If she likes to be pampered, you could book her in for a massage or facial or something on the day then go out for dinner or cook or whatever.

You could organise a picnic if she likes the outdoors. Somewhere really nice where you could go for a nature walk afterwards or something.

Happy 'up and coming' anniversary.


----------



## Trenton (Aug 25, 2010)

Buy her a star and be sure to comment when you point it out in the sky that it is the most beautiful, bright star in the whole world.


----------



## cathkelbud (Sep 17, 2010)

I am unsure of age or family status, but I would love for my H to get the kids up in the morning, make me breakfast for once, clean the house, take the kids somewhere so I can have some true alone time, to be followed closely by a homemade gift/card, etc.


----------



## Sara Ann (Aug 27, 2010)

My H once gave me a gift I still remember, when we were dating.

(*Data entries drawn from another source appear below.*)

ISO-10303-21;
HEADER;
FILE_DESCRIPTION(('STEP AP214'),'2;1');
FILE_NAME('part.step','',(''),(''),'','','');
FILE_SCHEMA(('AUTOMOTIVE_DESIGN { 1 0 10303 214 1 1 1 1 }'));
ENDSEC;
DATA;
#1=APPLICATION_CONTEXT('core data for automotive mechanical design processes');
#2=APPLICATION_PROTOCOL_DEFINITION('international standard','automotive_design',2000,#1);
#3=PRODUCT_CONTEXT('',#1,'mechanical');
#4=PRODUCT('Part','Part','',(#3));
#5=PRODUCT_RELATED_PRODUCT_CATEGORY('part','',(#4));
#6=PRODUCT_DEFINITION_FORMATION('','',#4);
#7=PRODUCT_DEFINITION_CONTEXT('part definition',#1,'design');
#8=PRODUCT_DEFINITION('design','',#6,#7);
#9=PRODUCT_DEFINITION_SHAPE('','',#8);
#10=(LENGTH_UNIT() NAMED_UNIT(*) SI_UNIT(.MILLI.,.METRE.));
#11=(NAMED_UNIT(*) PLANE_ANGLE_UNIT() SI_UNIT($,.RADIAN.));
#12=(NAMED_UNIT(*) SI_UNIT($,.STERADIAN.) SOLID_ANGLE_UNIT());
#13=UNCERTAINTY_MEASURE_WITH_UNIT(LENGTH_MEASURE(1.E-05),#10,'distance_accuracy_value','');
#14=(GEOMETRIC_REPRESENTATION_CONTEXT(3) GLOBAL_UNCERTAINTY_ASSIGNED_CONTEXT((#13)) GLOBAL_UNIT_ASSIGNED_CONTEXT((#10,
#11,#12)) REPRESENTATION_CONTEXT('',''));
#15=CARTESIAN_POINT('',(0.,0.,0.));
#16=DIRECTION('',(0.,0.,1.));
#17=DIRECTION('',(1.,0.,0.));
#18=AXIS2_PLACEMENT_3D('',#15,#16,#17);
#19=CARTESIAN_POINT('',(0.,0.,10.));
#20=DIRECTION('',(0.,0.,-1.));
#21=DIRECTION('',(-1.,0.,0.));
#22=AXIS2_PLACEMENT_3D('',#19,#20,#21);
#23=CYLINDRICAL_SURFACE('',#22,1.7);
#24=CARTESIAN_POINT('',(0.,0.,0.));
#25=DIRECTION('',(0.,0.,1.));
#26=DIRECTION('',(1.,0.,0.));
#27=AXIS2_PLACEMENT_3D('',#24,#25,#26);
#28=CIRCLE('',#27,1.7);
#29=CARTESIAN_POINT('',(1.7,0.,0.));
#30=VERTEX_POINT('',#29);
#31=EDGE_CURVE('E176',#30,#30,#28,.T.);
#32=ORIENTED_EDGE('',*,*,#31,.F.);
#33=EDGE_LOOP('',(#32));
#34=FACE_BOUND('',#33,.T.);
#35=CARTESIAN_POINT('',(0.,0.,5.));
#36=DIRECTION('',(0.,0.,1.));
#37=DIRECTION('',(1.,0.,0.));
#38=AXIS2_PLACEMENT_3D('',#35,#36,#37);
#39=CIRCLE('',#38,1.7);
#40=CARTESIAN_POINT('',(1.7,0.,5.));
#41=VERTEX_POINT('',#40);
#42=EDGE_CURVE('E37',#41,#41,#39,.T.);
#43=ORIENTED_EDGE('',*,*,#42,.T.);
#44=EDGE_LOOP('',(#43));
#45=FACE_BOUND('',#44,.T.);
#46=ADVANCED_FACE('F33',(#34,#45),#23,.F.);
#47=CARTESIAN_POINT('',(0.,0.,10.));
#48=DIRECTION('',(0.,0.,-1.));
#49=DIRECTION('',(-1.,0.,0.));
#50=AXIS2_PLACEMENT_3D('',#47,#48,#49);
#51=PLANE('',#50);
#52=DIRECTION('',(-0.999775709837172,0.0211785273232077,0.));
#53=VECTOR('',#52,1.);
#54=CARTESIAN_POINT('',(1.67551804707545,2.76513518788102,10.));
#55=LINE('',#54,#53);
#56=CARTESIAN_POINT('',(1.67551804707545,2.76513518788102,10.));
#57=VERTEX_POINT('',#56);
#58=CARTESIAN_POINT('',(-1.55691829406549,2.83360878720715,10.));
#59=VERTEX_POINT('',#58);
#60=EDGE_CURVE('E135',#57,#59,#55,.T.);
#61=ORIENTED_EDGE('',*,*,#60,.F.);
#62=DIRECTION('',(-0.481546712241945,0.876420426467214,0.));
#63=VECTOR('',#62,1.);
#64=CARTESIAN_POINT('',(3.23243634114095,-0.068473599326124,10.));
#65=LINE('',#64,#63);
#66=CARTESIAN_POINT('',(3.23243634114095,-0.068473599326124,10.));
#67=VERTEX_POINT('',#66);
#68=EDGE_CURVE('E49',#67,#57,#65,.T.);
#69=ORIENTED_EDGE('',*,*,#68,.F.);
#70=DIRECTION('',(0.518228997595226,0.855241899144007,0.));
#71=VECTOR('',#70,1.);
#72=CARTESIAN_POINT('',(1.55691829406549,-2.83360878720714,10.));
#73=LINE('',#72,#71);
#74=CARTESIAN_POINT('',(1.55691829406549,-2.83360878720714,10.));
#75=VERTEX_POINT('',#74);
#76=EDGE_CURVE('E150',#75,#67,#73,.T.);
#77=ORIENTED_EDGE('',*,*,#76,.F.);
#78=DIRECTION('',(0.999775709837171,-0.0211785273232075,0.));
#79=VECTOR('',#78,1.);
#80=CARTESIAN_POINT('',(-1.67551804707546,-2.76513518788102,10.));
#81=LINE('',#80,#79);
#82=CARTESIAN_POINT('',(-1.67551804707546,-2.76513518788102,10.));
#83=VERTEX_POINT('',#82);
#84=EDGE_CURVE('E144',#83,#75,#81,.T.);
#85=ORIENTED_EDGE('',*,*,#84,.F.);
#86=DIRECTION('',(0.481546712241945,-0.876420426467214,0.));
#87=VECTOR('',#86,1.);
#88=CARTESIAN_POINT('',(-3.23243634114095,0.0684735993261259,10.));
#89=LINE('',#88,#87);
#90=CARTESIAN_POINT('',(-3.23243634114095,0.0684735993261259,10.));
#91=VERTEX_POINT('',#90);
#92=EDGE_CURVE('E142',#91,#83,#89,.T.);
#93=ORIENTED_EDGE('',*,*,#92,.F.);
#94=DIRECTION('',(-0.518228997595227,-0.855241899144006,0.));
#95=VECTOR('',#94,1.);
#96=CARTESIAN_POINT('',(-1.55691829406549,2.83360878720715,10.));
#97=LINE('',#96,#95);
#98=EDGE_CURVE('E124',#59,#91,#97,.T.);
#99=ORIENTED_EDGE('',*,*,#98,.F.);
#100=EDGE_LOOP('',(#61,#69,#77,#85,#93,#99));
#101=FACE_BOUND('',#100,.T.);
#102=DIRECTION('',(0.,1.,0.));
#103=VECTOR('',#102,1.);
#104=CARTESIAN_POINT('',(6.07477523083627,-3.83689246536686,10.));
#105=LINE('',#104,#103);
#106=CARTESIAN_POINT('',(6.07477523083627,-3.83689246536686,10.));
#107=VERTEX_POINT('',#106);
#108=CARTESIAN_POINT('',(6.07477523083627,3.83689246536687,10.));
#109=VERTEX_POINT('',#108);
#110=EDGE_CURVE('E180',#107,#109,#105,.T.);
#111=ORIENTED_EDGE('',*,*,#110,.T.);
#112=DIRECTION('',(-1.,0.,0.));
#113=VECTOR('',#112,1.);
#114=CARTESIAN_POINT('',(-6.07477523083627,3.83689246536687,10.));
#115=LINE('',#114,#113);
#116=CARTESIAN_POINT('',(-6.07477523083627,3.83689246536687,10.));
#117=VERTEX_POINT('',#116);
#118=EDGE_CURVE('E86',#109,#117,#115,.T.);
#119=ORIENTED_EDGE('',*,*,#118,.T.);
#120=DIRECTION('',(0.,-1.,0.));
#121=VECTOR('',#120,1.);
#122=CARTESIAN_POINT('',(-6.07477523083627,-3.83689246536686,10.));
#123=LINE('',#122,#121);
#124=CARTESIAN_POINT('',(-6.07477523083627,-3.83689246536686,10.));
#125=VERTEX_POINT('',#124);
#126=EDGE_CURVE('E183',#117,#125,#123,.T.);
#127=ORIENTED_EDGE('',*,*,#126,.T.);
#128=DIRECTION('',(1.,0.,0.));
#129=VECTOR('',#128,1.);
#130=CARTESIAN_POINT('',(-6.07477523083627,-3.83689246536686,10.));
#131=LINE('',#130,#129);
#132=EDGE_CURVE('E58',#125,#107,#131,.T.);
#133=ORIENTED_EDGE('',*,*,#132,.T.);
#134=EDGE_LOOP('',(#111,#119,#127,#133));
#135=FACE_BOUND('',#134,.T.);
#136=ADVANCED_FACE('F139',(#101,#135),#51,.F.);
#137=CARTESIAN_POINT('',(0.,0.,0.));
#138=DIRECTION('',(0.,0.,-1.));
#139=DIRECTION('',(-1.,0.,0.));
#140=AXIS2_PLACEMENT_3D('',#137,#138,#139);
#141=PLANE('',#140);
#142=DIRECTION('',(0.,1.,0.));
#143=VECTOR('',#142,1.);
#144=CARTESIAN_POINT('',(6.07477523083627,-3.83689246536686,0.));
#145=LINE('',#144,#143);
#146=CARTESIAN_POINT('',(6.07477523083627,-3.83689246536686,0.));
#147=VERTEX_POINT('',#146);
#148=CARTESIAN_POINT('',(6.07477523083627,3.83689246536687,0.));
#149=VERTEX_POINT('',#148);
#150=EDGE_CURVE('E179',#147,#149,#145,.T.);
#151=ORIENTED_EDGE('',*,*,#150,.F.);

He put together a photo collage of his favorite pictures of me and pasted on letters with a special phrase.

I would love anything that takes us back to our early days, like going to a place we used to go, a vacation we took, a car we drove, because it would show me he still has/wants to rekindle those same feelings that made him fall in love with me.

For a quickie gift without much thought but with love, I would take him doing something for me that he ordinarily does not like to do.

Gifts are unique to a person. I think if you can get to their emotions, you have a winner! You just have to know what that is, for each person.


----------



## turnera (Jan 22, 2010)

Is she romantic or practical? Has she asked you to do things that you've never gotten around to? Does she ever say she needs a backrub (massage gift certificate), or wishes someone else would clean the house (cleaning lady), or just needs to get away from it all (hotel by the beach)? Specifics, please!


----------



## turnera (Jan 22, 2010)

cathkelbud said:


> I am unsure of age or family status, but I would love for my H to get the kids up in the morning, make me breakfast for once, clean the house, take the kids somewhere so I can have some true alone time, to be followed closely by a homemade gift/card, etc.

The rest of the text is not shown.